Section 1.6 Letters of Credit
Article V is hereby amended to insert the following Section 5.23:
Section 5.23 Certain Letters of Credit. Purchaser agrees to cause the Surviving Corporation to use is reasonable best efforts to replace the Letters of Credit of Seller for the benefit of IMC Salt, Inc., Sifto Canada, Inc. and IMC Kalium Xxxxx Corp. set forth in item 3 of Section 3.16(a)(v) of the Seller Disclosure Schedule as soon as reasonably practicable following the Closing. Purchaser hereby agrees to reimburse Seller for any amounts extended pursuant to such existing Letters of Credit.
Section 1.7 Acknowledgement of Collateral
Article X is hereby amended to insert the following Section 10.12:
Section 10.12 Acknowledgment.

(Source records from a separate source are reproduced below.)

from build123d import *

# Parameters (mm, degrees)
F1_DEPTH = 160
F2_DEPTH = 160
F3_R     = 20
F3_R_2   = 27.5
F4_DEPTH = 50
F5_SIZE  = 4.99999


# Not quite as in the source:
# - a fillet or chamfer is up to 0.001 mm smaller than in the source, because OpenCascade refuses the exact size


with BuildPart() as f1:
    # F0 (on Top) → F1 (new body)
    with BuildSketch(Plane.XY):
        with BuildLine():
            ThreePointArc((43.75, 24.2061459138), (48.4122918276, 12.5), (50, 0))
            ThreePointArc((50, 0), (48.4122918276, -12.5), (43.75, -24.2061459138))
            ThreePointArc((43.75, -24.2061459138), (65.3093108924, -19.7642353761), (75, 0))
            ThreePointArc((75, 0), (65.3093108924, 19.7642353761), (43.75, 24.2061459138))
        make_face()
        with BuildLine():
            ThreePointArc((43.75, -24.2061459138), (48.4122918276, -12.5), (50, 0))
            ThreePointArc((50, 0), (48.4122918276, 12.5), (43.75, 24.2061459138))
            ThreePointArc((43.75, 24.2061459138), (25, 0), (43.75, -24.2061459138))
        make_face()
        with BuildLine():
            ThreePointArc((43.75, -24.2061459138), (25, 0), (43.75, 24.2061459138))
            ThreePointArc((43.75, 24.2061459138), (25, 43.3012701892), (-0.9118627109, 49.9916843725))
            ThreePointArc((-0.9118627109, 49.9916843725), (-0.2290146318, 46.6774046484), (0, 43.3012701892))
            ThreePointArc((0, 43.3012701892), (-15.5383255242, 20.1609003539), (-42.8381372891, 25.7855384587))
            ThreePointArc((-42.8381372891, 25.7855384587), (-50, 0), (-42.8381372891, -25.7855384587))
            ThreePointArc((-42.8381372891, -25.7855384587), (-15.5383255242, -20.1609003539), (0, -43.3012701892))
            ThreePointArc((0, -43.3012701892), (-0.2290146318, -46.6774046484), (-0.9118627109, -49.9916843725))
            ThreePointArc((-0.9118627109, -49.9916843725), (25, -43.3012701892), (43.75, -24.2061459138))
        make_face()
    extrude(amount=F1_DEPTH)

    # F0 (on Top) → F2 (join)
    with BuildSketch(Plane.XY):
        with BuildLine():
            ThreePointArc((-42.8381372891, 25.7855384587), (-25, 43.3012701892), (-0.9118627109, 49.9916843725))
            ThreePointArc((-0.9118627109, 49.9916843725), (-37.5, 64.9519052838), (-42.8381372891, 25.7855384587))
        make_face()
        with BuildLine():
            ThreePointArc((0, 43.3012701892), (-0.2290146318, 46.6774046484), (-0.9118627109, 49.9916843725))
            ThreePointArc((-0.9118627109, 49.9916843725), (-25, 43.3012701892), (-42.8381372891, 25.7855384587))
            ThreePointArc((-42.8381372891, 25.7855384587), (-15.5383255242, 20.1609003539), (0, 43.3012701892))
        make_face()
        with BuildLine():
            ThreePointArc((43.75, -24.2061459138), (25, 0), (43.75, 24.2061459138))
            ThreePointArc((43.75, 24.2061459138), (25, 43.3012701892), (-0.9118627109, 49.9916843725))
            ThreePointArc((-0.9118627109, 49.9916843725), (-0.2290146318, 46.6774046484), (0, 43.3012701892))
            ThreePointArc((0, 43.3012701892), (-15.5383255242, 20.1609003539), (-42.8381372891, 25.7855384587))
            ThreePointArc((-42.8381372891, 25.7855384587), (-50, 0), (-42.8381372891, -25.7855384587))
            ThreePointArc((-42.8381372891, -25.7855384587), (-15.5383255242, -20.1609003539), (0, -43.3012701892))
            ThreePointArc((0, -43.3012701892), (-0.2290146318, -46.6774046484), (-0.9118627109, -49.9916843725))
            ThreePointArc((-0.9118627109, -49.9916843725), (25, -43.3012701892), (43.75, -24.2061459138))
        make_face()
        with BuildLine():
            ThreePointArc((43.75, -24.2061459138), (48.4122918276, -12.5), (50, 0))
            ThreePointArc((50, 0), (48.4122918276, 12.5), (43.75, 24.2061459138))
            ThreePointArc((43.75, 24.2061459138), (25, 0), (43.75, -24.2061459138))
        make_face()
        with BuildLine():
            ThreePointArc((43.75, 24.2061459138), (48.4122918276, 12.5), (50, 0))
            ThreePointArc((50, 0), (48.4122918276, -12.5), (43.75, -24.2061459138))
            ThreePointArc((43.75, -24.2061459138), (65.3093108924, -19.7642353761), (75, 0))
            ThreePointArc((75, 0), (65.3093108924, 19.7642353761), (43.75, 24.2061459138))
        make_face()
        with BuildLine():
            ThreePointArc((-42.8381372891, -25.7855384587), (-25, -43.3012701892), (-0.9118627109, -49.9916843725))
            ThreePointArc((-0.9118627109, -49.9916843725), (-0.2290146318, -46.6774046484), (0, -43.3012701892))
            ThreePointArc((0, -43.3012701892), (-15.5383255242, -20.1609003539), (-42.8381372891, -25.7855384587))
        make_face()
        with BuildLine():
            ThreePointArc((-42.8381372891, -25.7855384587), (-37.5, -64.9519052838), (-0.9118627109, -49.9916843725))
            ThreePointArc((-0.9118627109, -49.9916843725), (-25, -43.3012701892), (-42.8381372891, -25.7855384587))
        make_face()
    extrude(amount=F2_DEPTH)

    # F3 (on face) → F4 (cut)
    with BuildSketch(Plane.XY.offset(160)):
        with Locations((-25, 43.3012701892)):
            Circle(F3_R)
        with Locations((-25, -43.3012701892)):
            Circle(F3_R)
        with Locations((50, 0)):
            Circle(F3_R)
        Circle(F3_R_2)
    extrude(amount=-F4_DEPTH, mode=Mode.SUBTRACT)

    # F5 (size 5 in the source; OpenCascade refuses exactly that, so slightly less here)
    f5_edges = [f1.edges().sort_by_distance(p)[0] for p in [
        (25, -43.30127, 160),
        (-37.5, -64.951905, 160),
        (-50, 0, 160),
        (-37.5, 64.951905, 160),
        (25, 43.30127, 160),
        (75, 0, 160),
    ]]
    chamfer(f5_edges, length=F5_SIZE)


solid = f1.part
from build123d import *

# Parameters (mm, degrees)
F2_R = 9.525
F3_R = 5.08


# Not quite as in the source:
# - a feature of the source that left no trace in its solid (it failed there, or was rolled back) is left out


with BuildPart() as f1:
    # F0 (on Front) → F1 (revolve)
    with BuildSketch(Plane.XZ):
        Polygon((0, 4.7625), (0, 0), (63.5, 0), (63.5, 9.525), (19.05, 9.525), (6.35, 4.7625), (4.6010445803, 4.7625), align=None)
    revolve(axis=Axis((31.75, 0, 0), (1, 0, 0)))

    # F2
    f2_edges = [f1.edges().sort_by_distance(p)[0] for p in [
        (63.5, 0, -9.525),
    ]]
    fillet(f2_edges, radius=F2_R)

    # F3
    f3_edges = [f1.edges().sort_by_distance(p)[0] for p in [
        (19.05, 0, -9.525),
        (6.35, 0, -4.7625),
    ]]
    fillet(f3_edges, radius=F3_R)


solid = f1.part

Seller hereby acknowledges that the Purchaser will assign the Supply Agreements as collateral for the benefit of the Lenders under the Credit Agreement dated as of November 28, 2001 among Salt Holdings Corporation; Compass Minerals Group, Inc., as US Borrower; Sifto Canada, Inc., as Canadian Borrower; Salt Union Limited, as UK Borrower; The Lenders Party Hereto; JPMorgan Chase Bank, as Administrative Agent; X.X. Xxxxxx Bank Canada, as Canadian Agent; Chase Manhattan International Limited, as UK Agent; X.X. Xxxxxx Securities Inc., as Joint Advisor, Co-Lead Arranger and Joint Bookrunner; Deutsche Banc Alex. Xxxxx Inc., as Syndication Agent, Joint Advisor, Co-Lead Arranger and Joint Bookrunner; Credit Suisse First Boston, as Co-Documentation Agent; and Credit Lyonnais, as Co-Documentation Agent.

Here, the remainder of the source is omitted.